Au moment où j'enfile ma deuxième chaussure on frappe à la porte. Pile à l'heure ! J'ouvre la porte et trouve Léa sur mon palier un grand sourire collé au visage. Thomas est resté dans la voiture et je me surprends une fois de plus à être déçue qu'il ne soit pas sorti. On se fait une rapide accolade, je ferme à clé et on rejoins la voiture. Je m'installe à l'arrière, comme la veille, et Léa engage la conversation.
-Bien dormi ? me questionne-t-elle.
-Plutôt bien et vous ?
-Un peu fatigués. On s'est levés tôt pour finir de remplir mes valises.

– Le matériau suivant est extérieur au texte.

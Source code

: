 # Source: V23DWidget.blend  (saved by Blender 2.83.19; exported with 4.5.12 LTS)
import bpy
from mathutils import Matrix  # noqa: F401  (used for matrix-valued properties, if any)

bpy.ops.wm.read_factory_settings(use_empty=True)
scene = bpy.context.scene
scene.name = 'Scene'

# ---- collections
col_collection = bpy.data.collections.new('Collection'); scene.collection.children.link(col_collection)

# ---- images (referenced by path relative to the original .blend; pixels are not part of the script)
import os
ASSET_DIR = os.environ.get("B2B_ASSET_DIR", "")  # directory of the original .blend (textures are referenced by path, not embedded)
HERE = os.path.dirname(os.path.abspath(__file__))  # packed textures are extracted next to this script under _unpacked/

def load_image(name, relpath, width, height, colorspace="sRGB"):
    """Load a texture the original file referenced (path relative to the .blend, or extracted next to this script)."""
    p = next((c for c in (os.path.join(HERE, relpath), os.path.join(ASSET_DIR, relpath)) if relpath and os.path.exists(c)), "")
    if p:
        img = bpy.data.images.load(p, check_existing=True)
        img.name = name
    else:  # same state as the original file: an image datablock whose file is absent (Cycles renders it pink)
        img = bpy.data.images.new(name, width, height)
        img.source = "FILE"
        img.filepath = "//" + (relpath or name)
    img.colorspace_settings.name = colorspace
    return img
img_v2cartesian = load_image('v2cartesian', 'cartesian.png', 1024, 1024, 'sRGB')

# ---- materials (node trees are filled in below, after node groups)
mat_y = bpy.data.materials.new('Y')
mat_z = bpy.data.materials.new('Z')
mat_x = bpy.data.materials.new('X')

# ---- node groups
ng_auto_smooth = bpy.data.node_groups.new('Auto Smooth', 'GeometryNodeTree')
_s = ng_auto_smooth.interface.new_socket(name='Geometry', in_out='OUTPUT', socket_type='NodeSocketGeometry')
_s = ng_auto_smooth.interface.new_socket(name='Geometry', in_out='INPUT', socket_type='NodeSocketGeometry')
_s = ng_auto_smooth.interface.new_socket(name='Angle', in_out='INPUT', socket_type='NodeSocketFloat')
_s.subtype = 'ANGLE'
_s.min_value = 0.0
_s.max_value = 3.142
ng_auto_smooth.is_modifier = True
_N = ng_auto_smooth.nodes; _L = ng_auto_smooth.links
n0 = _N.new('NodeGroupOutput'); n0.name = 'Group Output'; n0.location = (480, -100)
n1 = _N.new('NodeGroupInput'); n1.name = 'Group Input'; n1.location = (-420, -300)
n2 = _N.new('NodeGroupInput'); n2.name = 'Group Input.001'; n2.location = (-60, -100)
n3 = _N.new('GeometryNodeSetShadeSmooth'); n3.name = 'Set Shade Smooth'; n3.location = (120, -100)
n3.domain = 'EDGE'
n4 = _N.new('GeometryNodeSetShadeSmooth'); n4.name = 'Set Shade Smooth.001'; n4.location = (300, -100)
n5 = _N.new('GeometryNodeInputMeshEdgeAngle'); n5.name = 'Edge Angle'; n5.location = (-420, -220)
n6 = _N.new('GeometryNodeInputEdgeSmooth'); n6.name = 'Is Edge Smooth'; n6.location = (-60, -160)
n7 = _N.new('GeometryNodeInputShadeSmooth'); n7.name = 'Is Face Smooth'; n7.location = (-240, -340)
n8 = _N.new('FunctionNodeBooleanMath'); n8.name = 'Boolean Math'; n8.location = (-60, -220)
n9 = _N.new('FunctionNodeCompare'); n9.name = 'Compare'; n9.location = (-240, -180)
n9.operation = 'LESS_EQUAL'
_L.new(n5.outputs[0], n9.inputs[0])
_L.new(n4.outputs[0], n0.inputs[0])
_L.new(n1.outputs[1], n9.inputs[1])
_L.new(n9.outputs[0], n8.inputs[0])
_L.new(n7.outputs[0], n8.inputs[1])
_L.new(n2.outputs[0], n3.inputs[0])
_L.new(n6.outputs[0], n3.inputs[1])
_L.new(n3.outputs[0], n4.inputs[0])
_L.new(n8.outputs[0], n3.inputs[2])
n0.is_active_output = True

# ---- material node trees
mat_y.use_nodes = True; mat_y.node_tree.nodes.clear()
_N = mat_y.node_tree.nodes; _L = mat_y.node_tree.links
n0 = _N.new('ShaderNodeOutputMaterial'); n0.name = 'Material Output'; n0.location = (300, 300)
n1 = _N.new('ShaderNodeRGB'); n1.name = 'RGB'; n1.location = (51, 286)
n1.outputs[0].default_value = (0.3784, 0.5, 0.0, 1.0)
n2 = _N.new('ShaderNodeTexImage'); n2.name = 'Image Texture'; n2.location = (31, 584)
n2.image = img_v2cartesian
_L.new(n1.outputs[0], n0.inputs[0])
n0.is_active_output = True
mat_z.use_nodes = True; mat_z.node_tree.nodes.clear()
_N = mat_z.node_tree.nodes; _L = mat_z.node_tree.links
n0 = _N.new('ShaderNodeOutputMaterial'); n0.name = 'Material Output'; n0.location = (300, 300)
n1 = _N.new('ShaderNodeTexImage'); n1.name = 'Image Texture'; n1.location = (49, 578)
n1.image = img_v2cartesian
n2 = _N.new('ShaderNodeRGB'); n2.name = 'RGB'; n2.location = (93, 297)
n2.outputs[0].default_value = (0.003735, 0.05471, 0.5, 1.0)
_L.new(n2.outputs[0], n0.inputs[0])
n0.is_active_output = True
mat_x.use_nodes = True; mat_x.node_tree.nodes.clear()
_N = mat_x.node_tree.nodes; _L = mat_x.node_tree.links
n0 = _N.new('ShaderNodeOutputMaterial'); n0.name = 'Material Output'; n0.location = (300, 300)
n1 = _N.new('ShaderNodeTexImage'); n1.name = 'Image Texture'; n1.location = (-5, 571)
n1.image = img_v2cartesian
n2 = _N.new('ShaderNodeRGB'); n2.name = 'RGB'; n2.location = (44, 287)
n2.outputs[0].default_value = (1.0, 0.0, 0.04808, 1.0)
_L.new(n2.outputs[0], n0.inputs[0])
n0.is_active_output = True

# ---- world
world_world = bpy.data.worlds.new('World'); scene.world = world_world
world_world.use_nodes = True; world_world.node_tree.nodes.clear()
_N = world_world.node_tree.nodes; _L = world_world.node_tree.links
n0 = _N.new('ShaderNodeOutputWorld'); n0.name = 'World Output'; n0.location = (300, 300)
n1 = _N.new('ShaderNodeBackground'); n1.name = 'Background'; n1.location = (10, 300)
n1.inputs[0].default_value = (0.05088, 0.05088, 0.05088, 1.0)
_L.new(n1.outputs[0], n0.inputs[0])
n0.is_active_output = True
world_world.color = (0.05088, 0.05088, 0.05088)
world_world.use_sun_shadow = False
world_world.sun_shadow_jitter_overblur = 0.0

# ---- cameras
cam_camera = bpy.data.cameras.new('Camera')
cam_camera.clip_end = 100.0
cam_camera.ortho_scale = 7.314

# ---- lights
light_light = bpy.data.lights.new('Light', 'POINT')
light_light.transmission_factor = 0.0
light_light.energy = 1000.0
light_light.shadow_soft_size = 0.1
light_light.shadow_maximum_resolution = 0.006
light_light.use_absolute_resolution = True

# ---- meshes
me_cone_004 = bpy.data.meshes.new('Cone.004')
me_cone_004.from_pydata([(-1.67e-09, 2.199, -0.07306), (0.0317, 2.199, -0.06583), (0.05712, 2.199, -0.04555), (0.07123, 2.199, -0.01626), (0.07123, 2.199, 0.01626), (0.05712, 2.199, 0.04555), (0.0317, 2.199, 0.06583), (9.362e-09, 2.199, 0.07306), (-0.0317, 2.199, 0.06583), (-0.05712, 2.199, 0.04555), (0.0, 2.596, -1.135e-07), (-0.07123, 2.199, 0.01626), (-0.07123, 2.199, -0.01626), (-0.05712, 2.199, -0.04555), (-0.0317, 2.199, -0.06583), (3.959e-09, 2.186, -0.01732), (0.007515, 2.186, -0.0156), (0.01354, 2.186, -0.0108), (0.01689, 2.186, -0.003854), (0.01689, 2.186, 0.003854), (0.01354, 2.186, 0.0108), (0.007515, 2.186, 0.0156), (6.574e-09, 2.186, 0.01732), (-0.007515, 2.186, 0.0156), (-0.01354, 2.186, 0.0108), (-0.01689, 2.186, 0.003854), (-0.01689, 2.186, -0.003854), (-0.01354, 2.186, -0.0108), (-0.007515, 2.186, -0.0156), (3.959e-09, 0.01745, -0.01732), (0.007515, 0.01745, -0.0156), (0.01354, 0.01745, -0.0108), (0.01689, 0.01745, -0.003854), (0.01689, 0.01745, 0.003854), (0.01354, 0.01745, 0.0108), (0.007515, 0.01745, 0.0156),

Je suis déjà épuisée alors qu'on est que le matin.
Un léger rictus apparaît alors sur les lèvres de Thomas. Il reste silencieux mais suit tout de même notre conversation apparemment.
Le trajet jusqu'à l'aéroport se fait plutôt dans le calme. On se gare et on retrouve rapidement les autres qui nous attendent déjà. Léa fait enregistrer ses valises puis on se dirige vers les portiques d'enregistrements. Nous marchons lentement pour profiter au maximum de ses derniers instants avec elle. Ça me rappelle la fois où j'ai dû quitter Alyssia. Même lieu, mêmes circonstances. La nostalgie vient s'installer en moi en repensant à ce souvenir. Mon amie me manque. Et je m'apprête à dire au revoir à une deuxième. Nous arrivons devant les portiques. On ne peux pas aller plus loin, seuls les passagers sont autorisés. Léa se tourne vers nous. Ce n'est pas comme avec Alyssia où nous étions en pleure mais l'ambiance est la même. Léa fait un câlin à Cathy, qu'elle sert très fort. Puis Nathan, Aaron et Maxime. Vient alors mon tour. Elle me prends dans ses bras et me glisse un mot à l'oreille.
-Bon courage avec Thomas. Tiens moi au courant.
Et en s'écartant de moi elle me fait un clin d'œil. Je jette un regard en direction de Thomas et le surprends en train de nous fixer. Il a très probablement vu le clin d'œil de Léa et il fronce les sourcils d'incompréhension. Je me reconcentre sur Léa et lui souhaite un bon voyage. Elle se tourne ensuite vers ce dernier avec qui elle échange également une accolade et quelques mots qui les font rire. Elle nous regarde tous une dernière fois avant de rejoindre la queue. Une fois les portiques passés elle se retourne pour nous faire un signe de la main avant de disparaître pour de bout.
Nous restons tous silencieux un instant. Je ne sais pas à quoi pensent les autres mais pour ma part je repense à tous les moments avec elle. J'y ai gagné une très bonne amie. Je suis contente de l'avoir rencontrée. Même si encore une fois, l'origine de cette rencontre est morbide, cela m'aura apporté une très belle rencontre. Je repense à tout les conseils qu'elle m'a donné. Même si elle a l'air de croire qu'il peut se passer quelque chose entre Thomas et moi, je ne suis pas aussi optimiste qu'elle. J'ai peur de ne plus jamais retrouver cette complicité avec lui. Et mon cœur se brise à l'idée que tout sois gâché par un simple message.